* **WHAT IS BEING ASKED**
Please transcribe the data that follows exactly, from its first line through the line that contains "knots=[0, 0, 0, 0, 0.41355972, 1, 1, 1, 1], degree=3))".

* **Stored records**
· · · · · · ·

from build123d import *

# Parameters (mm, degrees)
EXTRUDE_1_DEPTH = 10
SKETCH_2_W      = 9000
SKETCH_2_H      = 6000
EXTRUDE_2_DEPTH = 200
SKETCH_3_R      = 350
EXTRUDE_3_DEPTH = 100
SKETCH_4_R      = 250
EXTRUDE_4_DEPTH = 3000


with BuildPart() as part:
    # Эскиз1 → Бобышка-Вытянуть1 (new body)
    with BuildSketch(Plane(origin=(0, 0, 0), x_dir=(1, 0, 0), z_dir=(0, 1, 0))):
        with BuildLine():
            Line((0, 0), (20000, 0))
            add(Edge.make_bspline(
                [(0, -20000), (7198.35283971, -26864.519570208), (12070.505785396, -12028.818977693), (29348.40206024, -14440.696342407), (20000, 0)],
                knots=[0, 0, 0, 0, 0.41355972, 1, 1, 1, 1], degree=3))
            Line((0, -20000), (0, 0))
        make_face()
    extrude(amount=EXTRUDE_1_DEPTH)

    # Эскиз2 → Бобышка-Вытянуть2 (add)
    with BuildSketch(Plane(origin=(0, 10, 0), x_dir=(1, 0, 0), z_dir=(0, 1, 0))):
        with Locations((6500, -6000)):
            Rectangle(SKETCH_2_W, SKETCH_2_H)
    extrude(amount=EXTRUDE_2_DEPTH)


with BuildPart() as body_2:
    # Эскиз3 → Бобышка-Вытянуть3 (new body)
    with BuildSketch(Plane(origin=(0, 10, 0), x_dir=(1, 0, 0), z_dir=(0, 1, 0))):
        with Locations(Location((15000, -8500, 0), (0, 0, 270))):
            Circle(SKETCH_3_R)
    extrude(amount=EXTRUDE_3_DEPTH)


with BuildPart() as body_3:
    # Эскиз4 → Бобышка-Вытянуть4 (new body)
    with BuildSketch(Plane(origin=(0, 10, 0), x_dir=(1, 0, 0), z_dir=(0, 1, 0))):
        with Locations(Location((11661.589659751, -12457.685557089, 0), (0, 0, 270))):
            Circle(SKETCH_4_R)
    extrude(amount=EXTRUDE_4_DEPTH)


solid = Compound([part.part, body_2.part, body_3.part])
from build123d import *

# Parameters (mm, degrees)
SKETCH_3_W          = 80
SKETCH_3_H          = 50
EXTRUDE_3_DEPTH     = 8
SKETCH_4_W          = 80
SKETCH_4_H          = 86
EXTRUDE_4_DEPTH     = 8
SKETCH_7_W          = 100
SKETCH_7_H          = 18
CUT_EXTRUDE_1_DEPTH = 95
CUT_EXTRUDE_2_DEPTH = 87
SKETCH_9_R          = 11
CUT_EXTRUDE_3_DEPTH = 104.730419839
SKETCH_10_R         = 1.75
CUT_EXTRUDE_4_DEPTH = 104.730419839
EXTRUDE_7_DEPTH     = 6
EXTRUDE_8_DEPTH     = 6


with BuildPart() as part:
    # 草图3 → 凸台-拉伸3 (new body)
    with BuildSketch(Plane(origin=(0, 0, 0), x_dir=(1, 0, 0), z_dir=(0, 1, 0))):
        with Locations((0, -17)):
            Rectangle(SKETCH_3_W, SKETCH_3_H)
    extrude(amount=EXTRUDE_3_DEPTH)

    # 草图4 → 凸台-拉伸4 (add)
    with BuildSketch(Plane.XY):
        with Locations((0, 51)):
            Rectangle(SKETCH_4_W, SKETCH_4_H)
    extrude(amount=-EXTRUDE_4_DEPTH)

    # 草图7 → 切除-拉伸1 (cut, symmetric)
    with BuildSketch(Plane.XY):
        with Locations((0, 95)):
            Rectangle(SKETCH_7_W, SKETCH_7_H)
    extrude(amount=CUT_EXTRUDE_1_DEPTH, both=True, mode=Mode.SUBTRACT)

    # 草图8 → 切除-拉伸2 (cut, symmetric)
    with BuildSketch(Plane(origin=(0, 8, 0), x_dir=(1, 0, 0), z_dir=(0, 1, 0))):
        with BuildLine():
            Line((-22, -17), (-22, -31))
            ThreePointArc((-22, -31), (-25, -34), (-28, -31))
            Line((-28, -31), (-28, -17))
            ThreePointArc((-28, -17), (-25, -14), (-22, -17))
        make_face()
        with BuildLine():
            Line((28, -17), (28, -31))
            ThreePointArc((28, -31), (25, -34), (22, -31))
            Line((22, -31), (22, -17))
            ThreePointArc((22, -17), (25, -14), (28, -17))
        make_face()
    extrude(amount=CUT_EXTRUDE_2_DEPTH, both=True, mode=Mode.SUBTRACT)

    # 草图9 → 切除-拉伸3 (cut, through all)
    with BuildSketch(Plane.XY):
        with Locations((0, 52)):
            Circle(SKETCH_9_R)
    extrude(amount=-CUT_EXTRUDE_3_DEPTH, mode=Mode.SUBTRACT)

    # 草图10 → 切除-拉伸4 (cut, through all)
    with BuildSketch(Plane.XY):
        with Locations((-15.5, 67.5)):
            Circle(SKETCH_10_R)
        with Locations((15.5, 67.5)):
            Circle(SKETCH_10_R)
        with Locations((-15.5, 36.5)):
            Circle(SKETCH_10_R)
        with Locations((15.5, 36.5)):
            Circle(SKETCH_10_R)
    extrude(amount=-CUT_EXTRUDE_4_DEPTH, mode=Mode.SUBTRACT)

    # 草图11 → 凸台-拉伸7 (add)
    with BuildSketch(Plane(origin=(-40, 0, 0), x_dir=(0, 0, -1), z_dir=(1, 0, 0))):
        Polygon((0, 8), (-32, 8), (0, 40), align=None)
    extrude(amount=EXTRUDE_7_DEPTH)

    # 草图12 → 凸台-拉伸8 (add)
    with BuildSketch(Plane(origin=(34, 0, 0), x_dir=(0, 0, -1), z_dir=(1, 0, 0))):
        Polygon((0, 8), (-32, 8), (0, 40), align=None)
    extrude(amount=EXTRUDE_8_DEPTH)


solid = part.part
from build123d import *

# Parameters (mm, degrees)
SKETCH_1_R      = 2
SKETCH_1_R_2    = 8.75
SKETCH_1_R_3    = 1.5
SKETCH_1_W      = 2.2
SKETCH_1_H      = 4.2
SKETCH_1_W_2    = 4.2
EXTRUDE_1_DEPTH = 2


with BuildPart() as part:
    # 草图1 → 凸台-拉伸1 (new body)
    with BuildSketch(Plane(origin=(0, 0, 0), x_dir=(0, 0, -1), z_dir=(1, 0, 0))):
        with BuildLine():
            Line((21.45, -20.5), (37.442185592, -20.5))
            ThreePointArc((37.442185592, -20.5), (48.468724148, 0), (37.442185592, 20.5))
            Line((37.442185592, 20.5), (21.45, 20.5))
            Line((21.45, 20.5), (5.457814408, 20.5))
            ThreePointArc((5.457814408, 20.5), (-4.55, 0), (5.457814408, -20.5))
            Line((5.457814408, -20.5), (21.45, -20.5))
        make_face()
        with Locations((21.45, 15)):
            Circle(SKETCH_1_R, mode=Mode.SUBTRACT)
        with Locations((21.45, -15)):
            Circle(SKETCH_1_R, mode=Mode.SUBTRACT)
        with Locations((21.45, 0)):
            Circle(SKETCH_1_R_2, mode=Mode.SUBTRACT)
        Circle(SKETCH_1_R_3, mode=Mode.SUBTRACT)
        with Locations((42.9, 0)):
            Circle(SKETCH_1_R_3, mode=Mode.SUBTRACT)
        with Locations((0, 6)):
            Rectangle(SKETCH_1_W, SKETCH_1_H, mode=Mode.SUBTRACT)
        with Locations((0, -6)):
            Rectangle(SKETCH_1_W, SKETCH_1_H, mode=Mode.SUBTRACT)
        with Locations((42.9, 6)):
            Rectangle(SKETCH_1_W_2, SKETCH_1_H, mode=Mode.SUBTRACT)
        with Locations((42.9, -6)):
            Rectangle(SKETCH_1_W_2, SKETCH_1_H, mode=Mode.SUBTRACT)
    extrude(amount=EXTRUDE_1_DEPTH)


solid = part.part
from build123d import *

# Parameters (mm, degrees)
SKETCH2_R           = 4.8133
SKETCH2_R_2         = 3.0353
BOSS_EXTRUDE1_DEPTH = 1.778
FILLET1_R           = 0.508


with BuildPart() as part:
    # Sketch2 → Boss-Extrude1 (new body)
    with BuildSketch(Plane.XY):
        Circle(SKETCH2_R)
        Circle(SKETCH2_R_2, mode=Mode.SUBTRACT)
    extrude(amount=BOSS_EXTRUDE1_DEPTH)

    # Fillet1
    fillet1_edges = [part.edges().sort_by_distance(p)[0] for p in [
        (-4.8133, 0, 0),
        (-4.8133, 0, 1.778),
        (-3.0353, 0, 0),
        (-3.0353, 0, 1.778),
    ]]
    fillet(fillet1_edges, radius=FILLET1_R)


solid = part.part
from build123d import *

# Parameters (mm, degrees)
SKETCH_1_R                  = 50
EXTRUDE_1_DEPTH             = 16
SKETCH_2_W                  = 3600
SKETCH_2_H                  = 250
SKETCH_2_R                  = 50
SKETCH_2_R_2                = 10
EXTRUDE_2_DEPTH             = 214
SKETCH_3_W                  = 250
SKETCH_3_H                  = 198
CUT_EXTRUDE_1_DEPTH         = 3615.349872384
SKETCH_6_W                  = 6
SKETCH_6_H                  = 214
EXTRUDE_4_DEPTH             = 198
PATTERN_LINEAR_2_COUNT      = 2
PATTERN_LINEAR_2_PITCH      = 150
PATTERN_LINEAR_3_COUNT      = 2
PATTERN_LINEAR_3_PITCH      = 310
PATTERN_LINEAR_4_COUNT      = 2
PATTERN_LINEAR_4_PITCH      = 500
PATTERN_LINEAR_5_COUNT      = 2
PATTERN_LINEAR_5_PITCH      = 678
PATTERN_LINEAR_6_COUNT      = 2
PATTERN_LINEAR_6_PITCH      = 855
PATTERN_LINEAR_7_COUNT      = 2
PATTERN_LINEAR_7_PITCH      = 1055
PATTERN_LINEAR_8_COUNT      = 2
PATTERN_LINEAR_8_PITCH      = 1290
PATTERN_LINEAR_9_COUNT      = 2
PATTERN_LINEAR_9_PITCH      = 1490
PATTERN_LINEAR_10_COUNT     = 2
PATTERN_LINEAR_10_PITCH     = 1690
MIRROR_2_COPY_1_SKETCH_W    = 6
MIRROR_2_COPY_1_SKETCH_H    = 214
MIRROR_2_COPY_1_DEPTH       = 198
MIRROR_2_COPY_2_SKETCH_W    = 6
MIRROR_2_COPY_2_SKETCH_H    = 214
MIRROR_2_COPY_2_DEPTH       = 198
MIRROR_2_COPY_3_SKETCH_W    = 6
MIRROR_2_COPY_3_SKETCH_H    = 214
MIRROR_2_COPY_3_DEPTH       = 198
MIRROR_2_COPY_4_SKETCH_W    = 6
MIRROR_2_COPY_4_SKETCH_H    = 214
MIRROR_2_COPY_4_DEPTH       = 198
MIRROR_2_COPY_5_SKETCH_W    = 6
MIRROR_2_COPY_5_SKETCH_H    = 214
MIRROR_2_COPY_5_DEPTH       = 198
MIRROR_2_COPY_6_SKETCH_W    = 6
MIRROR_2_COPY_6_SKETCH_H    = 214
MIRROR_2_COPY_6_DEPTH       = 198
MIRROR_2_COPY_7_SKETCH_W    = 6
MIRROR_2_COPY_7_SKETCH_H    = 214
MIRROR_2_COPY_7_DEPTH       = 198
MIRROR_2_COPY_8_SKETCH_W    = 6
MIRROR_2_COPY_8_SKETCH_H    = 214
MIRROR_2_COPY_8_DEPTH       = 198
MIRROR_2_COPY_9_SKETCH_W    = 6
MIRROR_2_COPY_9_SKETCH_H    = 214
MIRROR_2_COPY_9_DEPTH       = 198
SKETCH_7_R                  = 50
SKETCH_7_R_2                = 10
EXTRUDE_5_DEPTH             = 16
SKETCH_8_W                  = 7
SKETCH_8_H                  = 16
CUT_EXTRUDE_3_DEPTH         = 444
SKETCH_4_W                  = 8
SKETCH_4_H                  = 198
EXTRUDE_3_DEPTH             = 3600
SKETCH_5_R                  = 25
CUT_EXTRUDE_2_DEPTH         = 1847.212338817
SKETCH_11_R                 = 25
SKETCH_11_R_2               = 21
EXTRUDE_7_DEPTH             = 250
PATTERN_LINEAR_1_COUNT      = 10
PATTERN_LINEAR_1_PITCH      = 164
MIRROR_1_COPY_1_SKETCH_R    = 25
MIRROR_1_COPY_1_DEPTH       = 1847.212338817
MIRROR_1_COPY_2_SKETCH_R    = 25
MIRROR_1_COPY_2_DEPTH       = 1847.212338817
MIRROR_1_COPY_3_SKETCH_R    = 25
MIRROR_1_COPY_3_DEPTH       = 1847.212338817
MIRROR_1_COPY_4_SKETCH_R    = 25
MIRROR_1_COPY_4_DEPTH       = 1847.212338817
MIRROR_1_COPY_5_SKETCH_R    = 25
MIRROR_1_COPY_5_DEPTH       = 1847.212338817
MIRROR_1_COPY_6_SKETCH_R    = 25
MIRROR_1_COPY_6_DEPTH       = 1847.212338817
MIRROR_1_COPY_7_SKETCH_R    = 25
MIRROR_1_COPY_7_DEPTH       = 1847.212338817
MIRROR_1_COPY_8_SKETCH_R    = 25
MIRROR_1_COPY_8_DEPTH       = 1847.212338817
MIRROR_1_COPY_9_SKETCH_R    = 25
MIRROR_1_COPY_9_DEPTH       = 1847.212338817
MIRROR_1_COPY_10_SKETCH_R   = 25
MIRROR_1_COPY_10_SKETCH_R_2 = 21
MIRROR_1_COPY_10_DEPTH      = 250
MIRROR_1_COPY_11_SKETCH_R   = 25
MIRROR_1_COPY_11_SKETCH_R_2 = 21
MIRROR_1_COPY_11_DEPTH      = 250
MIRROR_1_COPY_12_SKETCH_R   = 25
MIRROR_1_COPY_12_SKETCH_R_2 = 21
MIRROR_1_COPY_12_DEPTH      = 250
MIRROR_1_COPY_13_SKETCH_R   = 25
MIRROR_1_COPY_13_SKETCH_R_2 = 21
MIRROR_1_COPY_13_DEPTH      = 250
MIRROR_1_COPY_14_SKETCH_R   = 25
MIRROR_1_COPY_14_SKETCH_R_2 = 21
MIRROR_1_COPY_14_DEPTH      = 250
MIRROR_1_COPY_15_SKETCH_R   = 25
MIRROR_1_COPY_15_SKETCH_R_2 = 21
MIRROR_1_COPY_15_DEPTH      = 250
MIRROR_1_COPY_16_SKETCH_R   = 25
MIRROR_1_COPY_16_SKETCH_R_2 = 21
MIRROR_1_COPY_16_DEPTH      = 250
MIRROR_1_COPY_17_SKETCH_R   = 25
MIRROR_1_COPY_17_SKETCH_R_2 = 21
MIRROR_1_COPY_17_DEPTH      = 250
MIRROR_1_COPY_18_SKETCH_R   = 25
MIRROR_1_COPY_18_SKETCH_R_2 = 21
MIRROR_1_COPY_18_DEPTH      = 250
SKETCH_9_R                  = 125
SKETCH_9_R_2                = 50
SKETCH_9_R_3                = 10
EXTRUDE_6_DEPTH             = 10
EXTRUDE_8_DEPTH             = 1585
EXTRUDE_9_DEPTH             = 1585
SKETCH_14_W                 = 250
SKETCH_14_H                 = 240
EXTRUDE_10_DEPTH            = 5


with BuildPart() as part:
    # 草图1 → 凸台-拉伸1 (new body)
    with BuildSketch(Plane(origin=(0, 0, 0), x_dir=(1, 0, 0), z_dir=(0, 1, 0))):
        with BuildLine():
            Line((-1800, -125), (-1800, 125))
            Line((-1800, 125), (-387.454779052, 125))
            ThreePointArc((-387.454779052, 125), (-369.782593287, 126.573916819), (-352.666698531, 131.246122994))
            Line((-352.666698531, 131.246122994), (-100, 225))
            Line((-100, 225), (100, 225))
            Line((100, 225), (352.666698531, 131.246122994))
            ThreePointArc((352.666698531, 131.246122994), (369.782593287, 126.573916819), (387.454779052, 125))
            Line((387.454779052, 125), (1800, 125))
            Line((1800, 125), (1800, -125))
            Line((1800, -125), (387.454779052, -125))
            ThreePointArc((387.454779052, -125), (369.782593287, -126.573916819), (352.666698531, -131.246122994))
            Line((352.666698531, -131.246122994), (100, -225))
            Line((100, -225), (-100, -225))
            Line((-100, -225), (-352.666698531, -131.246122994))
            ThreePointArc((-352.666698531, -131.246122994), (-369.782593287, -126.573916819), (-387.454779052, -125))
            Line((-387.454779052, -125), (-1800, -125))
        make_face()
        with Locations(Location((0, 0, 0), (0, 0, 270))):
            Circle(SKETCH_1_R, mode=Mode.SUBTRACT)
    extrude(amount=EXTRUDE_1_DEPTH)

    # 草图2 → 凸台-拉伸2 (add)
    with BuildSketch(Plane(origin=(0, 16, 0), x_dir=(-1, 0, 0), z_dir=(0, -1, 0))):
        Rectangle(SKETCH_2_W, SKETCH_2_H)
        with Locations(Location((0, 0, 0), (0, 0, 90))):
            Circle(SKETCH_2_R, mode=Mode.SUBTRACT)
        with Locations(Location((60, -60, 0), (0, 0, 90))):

· · · · · · ·

* **RESULT OF THE TASK**
from build123d import *

# Parameters (mm, degrees)
EXTRUDE_1_DEPTH = 10
SKETCH_2_W      = 9000
SKETCH_2_H      = 6000
EXTRUDE_2_DEPTH = 200
SKETCH_3_R      = 350
EXTRUDE_3_DEPTH = 100
SKETCH_4_R      = 250
EXTRUDE_4_DEPTH = 3000


with BuildPart() as part:
    # Эскиз1 → Бобышка-Вытянуть1 (new body)
    with BuildSketch(Plane(origin=(0, 0, 0), x_dir=(1, 0, 0), z_dir=(0, 1, 0))):
        with BuildLine():
            Line((0, 0), (20000, 0))
            add(Edge.make_bspline(
                [(0, -20000), (7198.35283971, -26864.519570208), (12070.505785396, -12028.818977693), (29348.40206024, -14440.696342407), (20000, 0)],
                knots=[0, 0, 0, 0, 0.41355972, 1, 1, 1, 1], degree=3))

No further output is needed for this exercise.